▸ **Task details**
Your answer should be a number only: the count of lines in the following entries that contain "edges".

▸ **Working data**
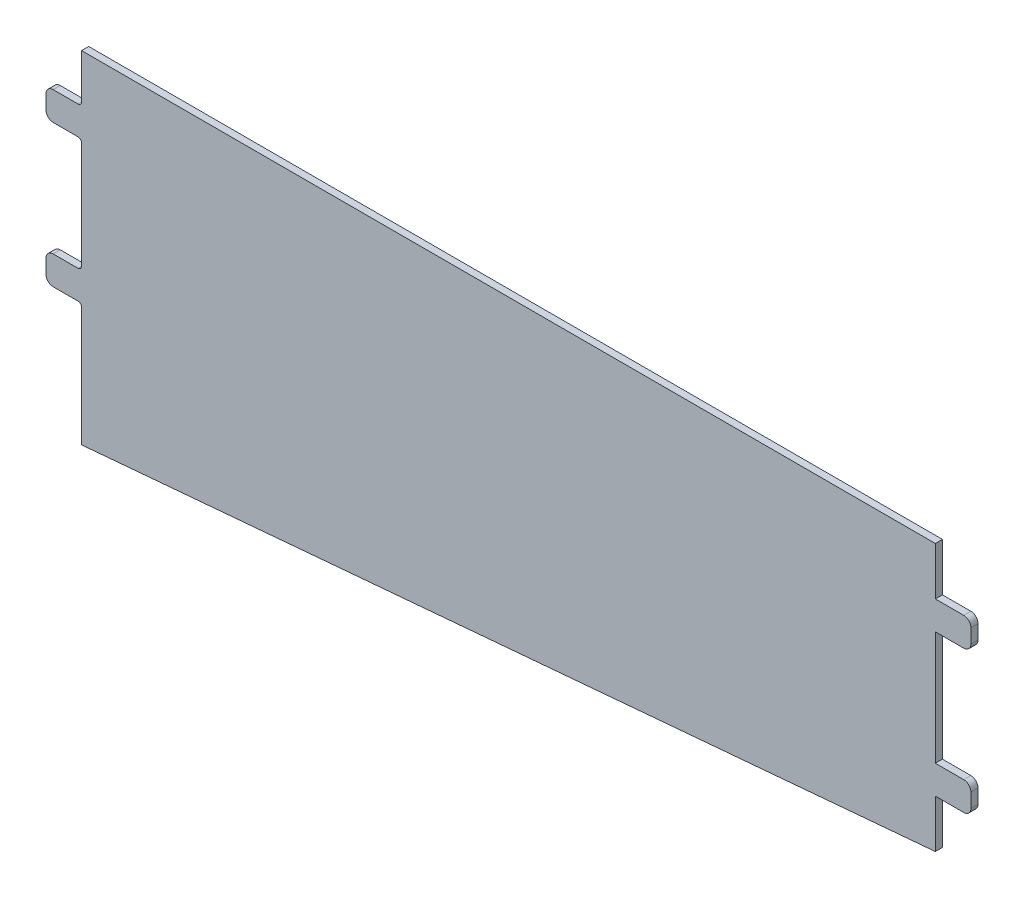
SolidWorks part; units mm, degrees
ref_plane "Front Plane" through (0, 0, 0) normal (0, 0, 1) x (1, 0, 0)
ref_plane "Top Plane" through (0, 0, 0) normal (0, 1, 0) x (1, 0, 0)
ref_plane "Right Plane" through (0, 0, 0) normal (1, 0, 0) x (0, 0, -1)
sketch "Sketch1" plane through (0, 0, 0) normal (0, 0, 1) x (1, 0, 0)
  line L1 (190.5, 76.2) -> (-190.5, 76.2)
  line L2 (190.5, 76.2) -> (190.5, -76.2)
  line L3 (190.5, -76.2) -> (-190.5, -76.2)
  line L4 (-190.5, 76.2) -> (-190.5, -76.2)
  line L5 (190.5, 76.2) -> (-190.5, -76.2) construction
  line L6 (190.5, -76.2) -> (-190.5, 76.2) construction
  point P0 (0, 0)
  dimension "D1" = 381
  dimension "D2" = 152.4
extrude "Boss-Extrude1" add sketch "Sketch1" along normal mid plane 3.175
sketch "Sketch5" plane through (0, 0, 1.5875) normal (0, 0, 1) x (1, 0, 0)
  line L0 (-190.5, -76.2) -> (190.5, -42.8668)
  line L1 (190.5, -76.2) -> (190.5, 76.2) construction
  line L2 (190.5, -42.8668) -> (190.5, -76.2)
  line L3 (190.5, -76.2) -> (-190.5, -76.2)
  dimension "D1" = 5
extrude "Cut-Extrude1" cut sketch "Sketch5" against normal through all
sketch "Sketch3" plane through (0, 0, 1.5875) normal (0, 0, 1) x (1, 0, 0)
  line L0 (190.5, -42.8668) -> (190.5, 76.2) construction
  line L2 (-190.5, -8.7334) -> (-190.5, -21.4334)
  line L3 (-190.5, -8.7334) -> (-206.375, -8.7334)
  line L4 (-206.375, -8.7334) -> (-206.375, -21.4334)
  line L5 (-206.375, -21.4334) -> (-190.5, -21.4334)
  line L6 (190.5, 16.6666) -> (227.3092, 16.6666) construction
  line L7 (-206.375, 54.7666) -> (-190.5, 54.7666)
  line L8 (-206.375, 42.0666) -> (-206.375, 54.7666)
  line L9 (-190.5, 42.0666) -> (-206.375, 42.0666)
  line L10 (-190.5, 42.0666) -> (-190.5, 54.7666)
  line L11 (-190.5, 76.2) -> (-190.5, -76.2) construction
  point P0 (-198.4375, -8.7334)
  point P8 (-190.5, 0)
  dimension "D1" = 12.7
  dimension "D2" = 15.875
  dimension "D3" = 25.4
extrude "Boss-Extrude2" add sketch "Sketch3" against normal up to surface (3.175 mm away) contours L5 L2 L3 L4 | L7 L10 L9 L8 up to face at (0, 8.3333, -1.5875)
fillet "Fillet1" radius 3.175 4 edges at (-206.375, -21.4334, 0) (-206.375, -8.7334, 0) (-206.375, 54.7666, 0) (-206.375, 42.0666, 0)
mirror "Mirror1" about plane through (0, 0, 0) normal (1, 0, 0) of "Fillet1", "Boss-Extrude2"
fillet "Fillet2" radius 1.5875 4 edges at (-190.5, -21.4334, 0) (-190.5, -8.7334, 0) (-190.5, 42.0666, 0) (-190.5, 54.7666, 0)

▸ **Answer to this problem**
2